You just posted the same nonsense on martialartstalk and started up there. You are just spamming these forums and not contributing anything.


----------



## blackdiamondcobra (Feb 8, 2011)

think you meant martialartsplanet, because i searched it out. I think you just had a typo in there.


----------



## VASI (Feb 16, 2011)

these dudes invade every forum like robots. 
there isnt a forum that i was on that i didnt see something similar all leading into nonsense.


----------



## tenzen (Feb 16, 2011)

And the propaganda continues!


----------



## nak muay (Mar 16, 2011)

From my understanding, Muay Chaiya was a style of Muay(boxing) from the southern part of Thailand already in use after the wars.
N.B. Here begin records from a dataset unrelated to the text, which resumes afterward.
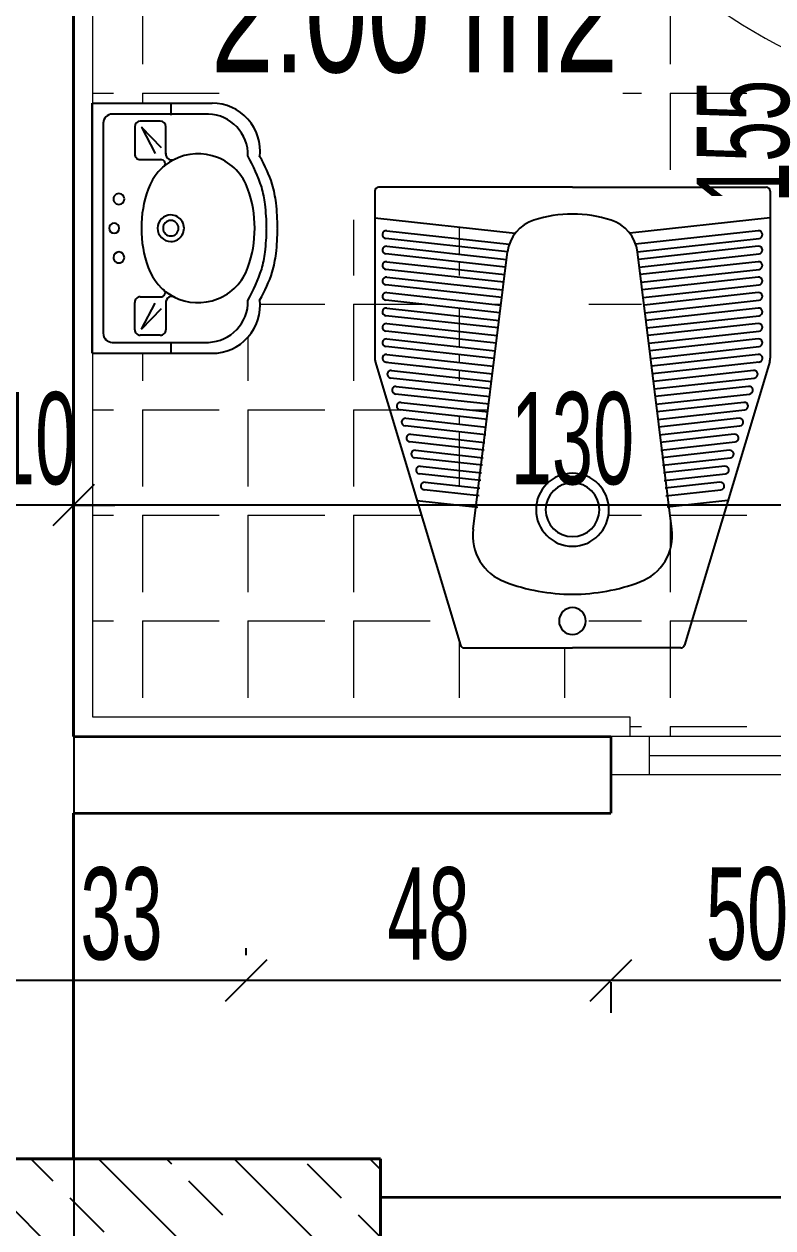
# Model space of a CAD drawing. Header units: inches. Extents: x -7543 to -822, y 102837 to 190349.
# Drawn here: x -831.53066 to -831.51116, y 102837.01463 to 102837.04599 of the extents above; entities that cross this region are included whole.
import ezdxf

# ---------------------------------------------------------------- set-up
doc = ezdxf.new("R2010")
doc.units = ezdxf.units.IN
doc.header["$MEASUREMENT"] = 0
doc.linetypes.add('DASHDOTX2', pattern=[2, 1, -0.5, 0, -0.5])
doc.layers.get('0').update_dxf_attribs({"lineweight": 25})
for name, color, linetype, lineweight in [('AKS', 1, 'Continuous', 25), ('ICOL', 55, 'Continuous', 25), ('İZ DÜŞÜM', 253, 'Continuous', 20), ('KOLON', 2, 'Continuous', 40), ('SIVA', 150, 'Continuous', 15), ('TARAMA', 8, 'Continuous', 25), ('YAZI', 7, 'Continuous', 25)]:
    doc.layers.add(name, color=color, linetype=linetype, lineweight=lineweight)
for name, color, linetype, lineweight, true_color in [('DUVAR', 7, 'Continuous', 35, 0xfc4642), ('KAPI', 7, 'Continuous', 18, 0xffb360), ('PENCERE', 7, 'Continuous', 18, 0xffb360), ('TEFRİŞ', 7, 'Continuous', 25, 0x78462c)]:
    doc.layers.add(name, color=color, linetype=linetype, lineweight=lineweight, true_color=true_color)
doc.styles.add('arıal', font='arial.ttf', dxfattribs={"width": 0.7})
doc.styles.add('OLCU', font='tromand.shx', dxfattribs={"width": 0.6, "height": 12})

# ---------------------------------------------------------------- blocks, each defined once
blk = doc.blocks.new('_Oblique')
at = {"color": 0, "linetype": 'ByBlock', "lineweight": -2}
blk.add_line((-0.5, -0.5), (0.5, 0.5), dxfattribs=at)

msp = doc.modelspace()

# ---------------------------------------------------------------- linework, layer by layer
at = {"layer": 'AKS', "linetype": 'DASHDOTX2', "ltscale": 10}
msp.add_line((-831.5293657724994, 102837.241780972), (-831.5293657724994, 102836.7293249838), dxfattribs=at)
at = {"layer": 'DUVAR'}
for p, q in [((-831.5293773943481, 102837.0274307916), (-831.5293773943481, 102837.050652617)), ((-831.5293773943481, 102837.0274307916), (-831.5153773943481, 102837.0274307916)), ((-831.5153773943481, 102837.0274307916), (-831.5153773943481, 102837.0254307916)), ((-831.5293773943481, 102837.0254307916), (-831.5153773943481, 102837.0254307916)), ((-831.5293773943481, 102837.0164307916), (-831.5293773943481, 102837.0254307916)), ((-831.5213773943481, 102837.0154307916), (-831.4633773943481, 102837.0154307916))]:
    msp.add_line(p, q, dxfattribs=at)
at = {"layer": 'ICOL', "color": 53}
for p, q in [((-831.5293773943481, 102837.0341847382), (-831.5293773943481, 102837.0342964126)), ((-831.5293773943481, 102837.0341847382), (-831.5293773943481, 102837.0342964126)), ((-831.5248773943481, 102837.0217363186), (-831.5248773943481, 102837.0219172501)), ((-831.5248773943481, 102837.0217363186), (-831.5248773943481, 102837.0219172501)), ((-831.5153773943481, 102837.0210307916), (-831.5153773943481, 102837.0202372501)), ((-831.5153773943481, 102837.0210307916), (-831.5153773943481, 102837.0202372501))]:
    msp.add_line(p, q, dxfattribs=at)
at = {"layer": 'ICOL'}
for p, q in [((-831.5293773943481, 102837.0334564126), (-831.531377394348, 102837.0334564126)), ((-831.5293773943481, 102837.0334564126), (-831.5282973943481, 102837.0334564126)), ((-831.503377394348, 102837.0334564126), (-831.5293773943481, 102837.0334564126)), ((-831.5248773943481, 102837.0210772501), (-831.531377394348, 102837.0210772501)), ((-831.5153773943481, 102837.0210772501), (-831.5248773943481, 102837.0210772501)), ((-831.505377394348, 102837.0210772501), (-831.5153773943481, 102837.0210772501))]:
    msp.add_line(p, q, dxfattribs=at)
at = {"layer": 'İZ DÜŞÜM'}
for p, q in [((-831.5275831511601, 102837.0469419001), (-831.5275831511601, 102837.0449419001)), ((-831.51383315116, 102837.0469419001), (-831.51383315116, 102837.0449419001)), ((-831.528877394348, 102837.0441919001), (-831.52833315116, 102837.0441919001)), ((-831.5275831511601, 102837.0441919001), (-831.5275831511601, 102837.0439280024)), ((-831.5275831511601, 102837.0441919001), (-831.52558315116, 102837.0441919001)), ((-831.5150678637418, 102837.0441919001), (-831.5145831511601, 102837.0441919001)), ((-831.51383315116, 102837.0441919001), (-831.51383315116, 102837.0424119813)), ((-831.51383315116, 102837.0441919001), (-831.5118331511601, 102837.0441919001)), ((-831.51383315116, 102837.0424119813), (-831.51383315116, 102837.0421919001)), ((-831.5220831511601, 102837.0408918311), (-831.5220831511601, 102837.0394419001)), ((-831.51933315116, 102837.040697674), (-831.51933315116, 102837.0401946993)), ((-831.51933315116, 102837.0401946993), (-831.51933315116, 102837.0399934975)), ((-831.51933315116, 102837.0397923185), (-831.51933315116, 102837.0395911167)), ((-831.51933315116, 102837.0395911167), (-831.51933315116, 102837.0394419001)), ((-831.5245154578595, 102837.0386919001), (-831.5228331511601, 102837.0386919001)), ((-831.5220831511601, 102837.0386919001), (-831.5220831511601, 102837.0366919001)), ((-831.5220831511601, 102837.0386919001), (-831.520309014126, 102837.0386919001)), ((-831.51933315116, 102837.0385851574), (-831.51933315116, 102837.0383839556)), ((-831.51933315116, 102837.0383839556), (-831.51933315116, 102837.0377803757)), ((-831.5184697918003, 102837.0386919001), (-831.5182389143637, 102837.0386919001)), ((-831.5159518113915, 102837.0386919001), (-831.5145831511601, 102837.0386919001)), ((-831.52483315116, 102837.0378308829), (-831.52483315116, 102837.0366919001)), ((-831.51933315116, 102837.0377803757), (-831.51933315116, 102837.0375791886)), ((-831.5275831511601, 102837.037411932), (-831.5275831511601, 102837.0366919001)), ((-831.51933315116, 102837.0373779962), (-831.51933315116, 102837.0371767944)), ((-831.51933315116, 102837.0369756153), (-831.51933315116, 102837.0367744148)), ((-831.51933315116, 102837.0367744148), (-831.51933315116, 102837.0366919001)), ((-831.528877394348, 102837.0359419001), (-831.52833315116, 102837.0359419001)), ((-831.5275831511601, 102837.0359419001), (-831.5275831511601, 102837.0339419001)), ((-831.5275831511601, 102837.0359419001), (-831.52558315116, 102837.0359419001)), ((-831.52483315116, 102837.0359419001), (-831.52483315116, 102837.0339419001)), ((-831.52483315116, 102837.0359419001), (-831.5228331511601, 102837.0359419001)), ((-831.5220831511601, 102837.0359419001), (-831.5220831511601, 102837.0339419001)), ((-831.5220831511601, 102837.0359419001), (-831.5208891033488, 102837.0359419001)), ((-831.5190795561973, 102837.0359419001), (-831.5185809394178, 102837.0359419001)), ((-831.51933315116, 102837.03576846), (-831.51933315116, 102837.0355672582)), ((-831.51933315116, 102837.0353660655), (-831.51933315116, 102837.0349636859)), ((-831.51933315116, 102837.0349636859), (-831.51933315116, 102837.0345612909)), ((-831.51933315116, 102837.0345612909), (-831.51933315116, 102837.0341589097)), ((-831.51933315116, 102837.0341589097), (-831.51933315116, 102837.033957715)), ((-831.51933315116, 102837.033957715), (-831.51933315116, 102837.0339419001)), ((-831.528877394348, 102837.0331919001), (-831.52833315116, 102837.0331919001)), ((-831.5275831511601, 102837.0331919001), (-831.5275831511601, 102837.0311919001)), ((-831.5275831511601, 102837.0331919001), (-831.52558315116, 102837.0331919001)), ((-831.52483315116, 102837.0331919001), (-831.52483315116, 102837.0311919001)), ((-831.52483315116, 102837.0331919001), (-831.5228331511601, 102837.0331919001)), ((-831.5220831511601, 102837.0331919001), (-831.5220831511601, 102837.0311919001)), ((-831.5220831511601, 102837.0331919001), (-831.5203136662941, 102837.0331919001)), ((-831.5154386469458, 102837.0331919001), (-831.5145831511601, 102837.0331919001)), ((-831.51383315116, 102837.0331919001), (-831.51383315116, 102837.0311919001)), ((-831.51383315116, 102837.0331919001), (-831.5138318442242, 102837.0331919001)), ((-831.5138318442242, 102837.0331919001), (-831.5118331511601, 102837.0331919001)), ((-831.528877394348, 102837.0304419001), (-831.52833315116, 102837.0304419001)), ((-831.5275831511601, 102837.0304419001), (-831.5275831511601, 102837.0284419001)), ((-831.5275831511601, 102837.0304419001), (-831.52558315116, 102837.0304419001)), ((-831.52483315116, 102837.0304419001), (-831.52483315116, 102837.0284419001)), ((-831.52483315116, 102837.0304419001), (-831.5228331511601, 102837.0304419001)), ((-831.5220831511601, 102837.0304419001), (-831.5220831511601, 102837.0284419001)), ((-831.5220831511601, 102837.0304419001), (-831.5200831511601, 102837.0304419001)), ((-831.5159518113915, 102837.0304419001), (-831.5145831511601, 102837.0304419001)), ((-831.51383315116, 102837.0304419001), (-831.51383315116, 102837.0284419001)), ((-831.51383315116, 102837.0304419001), (-831.5118331511601, 102837.0304419001)), ((-831.51933315116, 102837.0299235341), (-831.51933315116, 102837.0284419001)), ((-831.51658315116, 102837.0297376853), (-831.51658315116, 102837.0284419001)), ((-831.5148773943481, 102837.0276919001), (-831.5145831511601, 102837.0276919001)), ((-831.51383315116, 102837.0276919001), (-831.51383315116, 102837.0274307916)), ((-831.51383315116, 102837.0276919001), (-831.5118331511601, 102837.0276919001))]:
    msp.add_line(p, q, dxfattribs=at)
at = {"layer": 'KAPI'}
msp.add_arc((-831.504777394348, 102837.0575307916), 0.01360588108133885, 178.3153156342386, 271.6846843212896, dxfattribs=at)
at = {"layer": 'KOLON'}
for p, q in [((-831.5213773943481, 102837.0164307916), (-831.531377394348, 102837.0164307916)), ((-831.5213773943481, 102837.0114307916), (-831.5213773943481, 102837.0164307916))]:
    msp.add_line(p, q, dxfattribs=at)
at = {"layer": 'PENCERE'}
for p, q in [((-831.505377394348, 102837.0274307916), (-831.5153773943481, 102837.0274307916)), ((-831.514377394348, 102837.0274307916), (-831.514377394348, 102837.0264307916)), ((-831.5063773943481, 102837.0269307916), (-831.514377394348, 102837.0269307916)), ((-831.505377394348, 102837.0264307916), (-831.5153773943481, 102837.0264307916))]:
    msp.add_line(p, q, dxfattribs=at)
at = {"layer": 'SIVA'}
for p, q in [((-831.528877394348, 102837.0279307916), (-831.528877394348, 102837.0504455102)), ((-831.5148773943481, 102837.0279307916), (-831.528877394348, 102837.0279307916)), ((-831.5148773943481, 102837.0274307916), (-831.5148773943481, 102837.0279307916))]:
    msp.add_line(p, q, dxfattribs=at)
at = {"layer": 'TARAMA'}
for p, q in [((-831.5304914738736, 102837.0164307916), (-831.5299150590353, 102837.0158543767)), ((-831.5287237069235, 102837.0164307916), (-831.5237237069235, 102837.0114307916)), ((-831.5269559399676, 102837.0164307916), (-831.5268214668677, 102837.0162963185)), ((-831.5251881730176, 102837.0164307916), (-831.5213773943481, 102837.0126200129)), ((-831.5232859329617, 102837.0162963185), (-831.5224020494852, 102837.015412435)), ((-831.5216526391117, 102837.0164307916), (-831.5213773943481, 102837.0161555468)), ((-831.5263795251294, 102837.0158543767), (-831.5254956416529, 102837.0149704933)), ((-831.531377394348, 102837.0155489451), (-831.5272592408295, 102837.0114307916)), ((-831.529473117297, 102837.015412435), (-831.5285892338206, 102837.0145285515)), ((-831.521960107747, 102837.0149704933), (-831.5213773943481, 102837.0143877799))]:
    msp.add_line(p, q, dxfattribs=at)
at = {"layer": 'TEFRİŞ'}
for p, q in [((-831.5288890161967, 102837.037411932), (-831.5288890161967, 102837.0439280024)), ((-831.5288890161967, 102837.0439280024), (-831.5257674305967, 102837.0439280024)), ((-831.5268378257966, 102837.0439022984), (-831.5268378257966, 102837.0436166984)), ((-831.5286034161967, 102837.0434044024), (-831.5286034161967, 102837.037935532)), ((-831.5258626305966, 102837.0436424024), (-831.5283654161967, 102837.0436424024)), ((-831.5271146673966, 102837.0434570424), (-831.5276382673967, 102837.0434570424)), ((-831.5277810673966, 102837.0433142424), (-831.5277810673966, 102837.0426002424)), ((-831.5270813585967, 102837.0427600328), (-831.5276059441967, 102837.0432991448)), ((-831.5276059441967, 102837.0432991448), (-831.5272514977967, 102837.0426181624)), ((-831.5269718673967, 102837.0425964344), (-831.5269718673967, 102837.0433142424)), ((-831.5276382673967, 102837.0424574424), (-831.5270846513966, 102837.0424574424)), ((-831.521527394348, 102837.0416376853), (-831.521527394348, 102837.0372817253)), ((-831.5163773943481, 102837.0417376853), (-831.521427394348, 102837.0417376853)), ((-831.5163773943481, 102837.0417376853), (-831.5113273943481, 102837.0417376853)), ((-831.511227394348, 102837.0416376853), (-831.511227394348, 102837.0372817253)), ((-831.521527394348, 102837.0409376853), (-831.517870494348, 102837.0405376853)), ((-831.511227394348, 102837.0409376853), (-831.514884314348, 102837.0405376853)), ((-831.521216534348, 102837.0406019053), (-831.518023434348, 102837.0402526253)), ((-831.511538274348, 102837.0406019053), (-831.514731354348, 102837.0402526253)), ((-831.5180691943481, 102837.0400564453), (-831.5212382743481, 102837.0404030853)), ((-831.5146856143481, 102837.0400564453), (-831.5115165343481, 102837.0404030853)), ((-831.518118574348, 102837.0396594653), (-831.5212382743481, 102837.0400007053)), ((-831.521216534348, 102837.0401995053), (-831.5180938943481, 102837.0398579453)), ((-831.5189674743481, 102837.0328340253), (-831.5180697543481, 102837.0400520053)), ((-831.5137873343481, 102837.0328340253), (-831.5146850543481, 102837.0400520053)), ((-831.511538274348, 102837.0401995053), (-831.514660914348, 102837.0398579453)), ((-831.514636234348, 102837.0396594653), (-831.5115165343481, 102837.0400007053)), ((-831.521216534348, 102837.0397971253), (-831.5181432743481, 102837.0394609653)), ((-831.511538274348, 102837.0397971253), (-831.5146115343481, 102837.0394609653)), ((-831.5181679543481, 102837.0392624653), (-831.5212382743481, 102837.0395983053)), ((-831.521216534348, 102837.0393947453), (-831.518192634348, 102837.0390639853)), ((-831.5145868543481, 102837.0392624653), (-831.5115165343481, 102837.0395983053)), ((-831.511538274348, 102837.0393947453), (-831.514562174348, 102837.0390639853)), ((-831.518217334348, 102837.0388654853), (-831.5212382743481, 102837.0391959253)), ((-831.5145374743481, 102837.0388654853), (-831.5115165343481, 102837.0391959253)), ((-831.5277810673966, 102837.0380257032), (-831.5277810673966, 102837.0387397032)), ((-831.5276382673967, 102837.0388825032), (-831.5270846513966, 102837.0388825032)), ((-831.5276059441967, 102837.0380407896), (-831.5272514977967, 102837.0387217832)), ((-831.5269718673967, 102837.0387435112), (-831.5269718673967, 102837.0380257032)), ((-831.5182666943481, 102837.0384685053), (-831.5212382743481, 102837.0387935453)), ((-831.521216534348, 102837.0389923453), (-831.5182420143481, 102837.0386669853)), ((-831.511538274348, 102837.0389923453), (-831.5145127943481, 102837.0386669853)), ((-831.5144881143481, 102837.0384685053), (-831.5115165343481, 102837.0387935453)), ((-831.5276059441967, 102837.0380407896), (-831.5270813585967, 102837.0385799128)), ((-831.518316074348, 102837.0380715253), (-831.5212382743481, 102837.0383911453)), ((-831.521216534348, 102837.0385899653), (-831.518291394348, 102837.0382700053)), ((-831.511538274348, 102837.0385899653), (-831.514463414348, 102837.0382700053)), ((-831.514438734348, 102837.0380715253), (-831.5115165343481, 102837.0383911453)), ((-831.521216534348, 102837.0381875853), (-831.5183407543481, 102837.0378730253)), ((-831.511538274348, 102837.0381875853), (-831.5144140543481, 102837.0378730253)), ((-831.5271146673966, 102837.0378829032), (-831.5276382673967, 102837.0378829032)), ((-831.518365454348, 102837.0376745253), (-831.5212382743481, 102837.0379887653)), ((-831.521216534348, 102837.0377851853), (-831.518390134348, 102837.0374760453)), ((-831.514389354348, 102837.0376745253), (-831.5115165343481, 102837.0379887653)), ((-831.511538274348, 102837.0377851853), (-831.514364674348, 102837.0374760453)), ((-831.5283654161967, 102837.037697532), (-831.5258626305966, 102837.037697532)), ((-831.5268378257966, 102837.037697532), (-831.5268378257966, 102837.037411932)), ((-831.518414814348, 102837.0372775453), (-831.5212382743481, 102837.0375863853)), ((-831.5143399943481, 102837.0372775453), (-831.5115165343481, 102837.0375863853)), ((-831.5288890161967, 102837.037411932), (-831.5257674305967, 102837.037411932)), ((-831.5215147543481, 102837.0371955053), (-831.519298774348, 102837.0298089453)), ((-831.5212382743481, 102837.0371840053), (-831.5184641943481, 102837.0368805653)), ((-831.521216534348, 102837.0373828053), (-831.5184395143481, 102837.0370790453)), ((-831.511538274348, 102837.0373828053), (-831.5143152943481, 102837.0370790453)), ((-831.5115165343481, 102837.0371840053), (-831.514290614348, 102837.0368805653)), ((-831.511240054348, 102837.0371955053), (-831.5134560143481, 102837.0298089453)), ((-831.5210922343481, 102837.0369668253), (-831.5184859343481, 102837.0366817453)), ((-831.5116625743481, 102837.0369668253), (-831.5142688743481, 102837.0366817453)), ((-831.518507694348, 102837.0364829253), (-831.5211139943481, 102837.0367680053)), ((-831.520967434348, 102837.0365507853), (-831.518529434348, 102837.0362841253)), ((-831.5142471143481, 102837.0364829253), (-831.5116408143481, 102837.0367680053)), ((-831.511787374348, 102837.0365507853), (-831.514225374348, 102837.0362841253)), ((-831.5185511743481, 102837.0360853053), (-831.5209891743481, 102837.0363519853)), ((-831.5142036343481, 102837.0360853053), (-831.5117656343481, 102837.0363519853)), ((-831.518594674348, 102837.0356876853), (-831.5208643743481, 102837.0359359453)), ((-831.5208426143481, 102837.0361347453), (-831.5185729343481, 102837.0358864853)), ((-831.511912194348, 102837.0361347453), (-831.5141818743481, 102837.0358864853)), ((-831.514160134348, 102837.0356876853), (-831.5118904343481, 102837.0359359453)), ((-831.520717814348, 102837.0357187053), (-831.5186164143481, 102837.0354888653)), ((-831.512036994348, 102837.0357187053), (-831.514138394348, 102837.0354888653)), ((-831.5186381743481, 102837.0352900453), (-831.5207395543481, 102837.0355199053)), ((-831.520592994348, 102837.0353026853), (-831.5186599143481, 102837.0350912253)), ((-831.514116634348, 102837.0352900453), (-831.5120152543481, 102837.0355199053)), ((-831.512161814348, 102837.0353026853), (-831.5140948943481, 102837.0350912253)), ((-831.518681654348, 102837.0348924253), (-831.5206147343481, 102837.0351038653)), ((-831.514073154348, 102837.0348924253), (-831.512140074348, 102837.0351038653)), ((-831.5187251543481, 102837.0344947853), (-831.520489934348, 102837.0346878253)), ((-831.520468174348, 102837.0348866453), (-831.518703414348, 102837.0346936053)), ((-831.5122866143481, 102837.0348866453), (-831.514051394348, 102837.0346936053)), ((-831.5140296543481, 102837.0344947853), (-831.512264874348, 102837.0346878253)), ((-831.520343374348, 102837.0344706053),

I believe Muay Thai itself came from Muay Boran, which Muay Chaiya would have been a "branch" of. Because the Thai had to be able to fight with and without weapons this style was created using other martial arts the Thai had learned. Muay Boran used 9 points of attack, like Muay Thai plus the head. 

After the wars Muay was used as recreation, self defence and exercise, including Muay Chaiya. After a while a ring, gloves and rules were introduced and many of the techniques from the older styles were discontinued. This is when the "new" style came into play and was called Muay Thai. The other arts were refered to as Muay Boran, meaning ancient boxing.


----------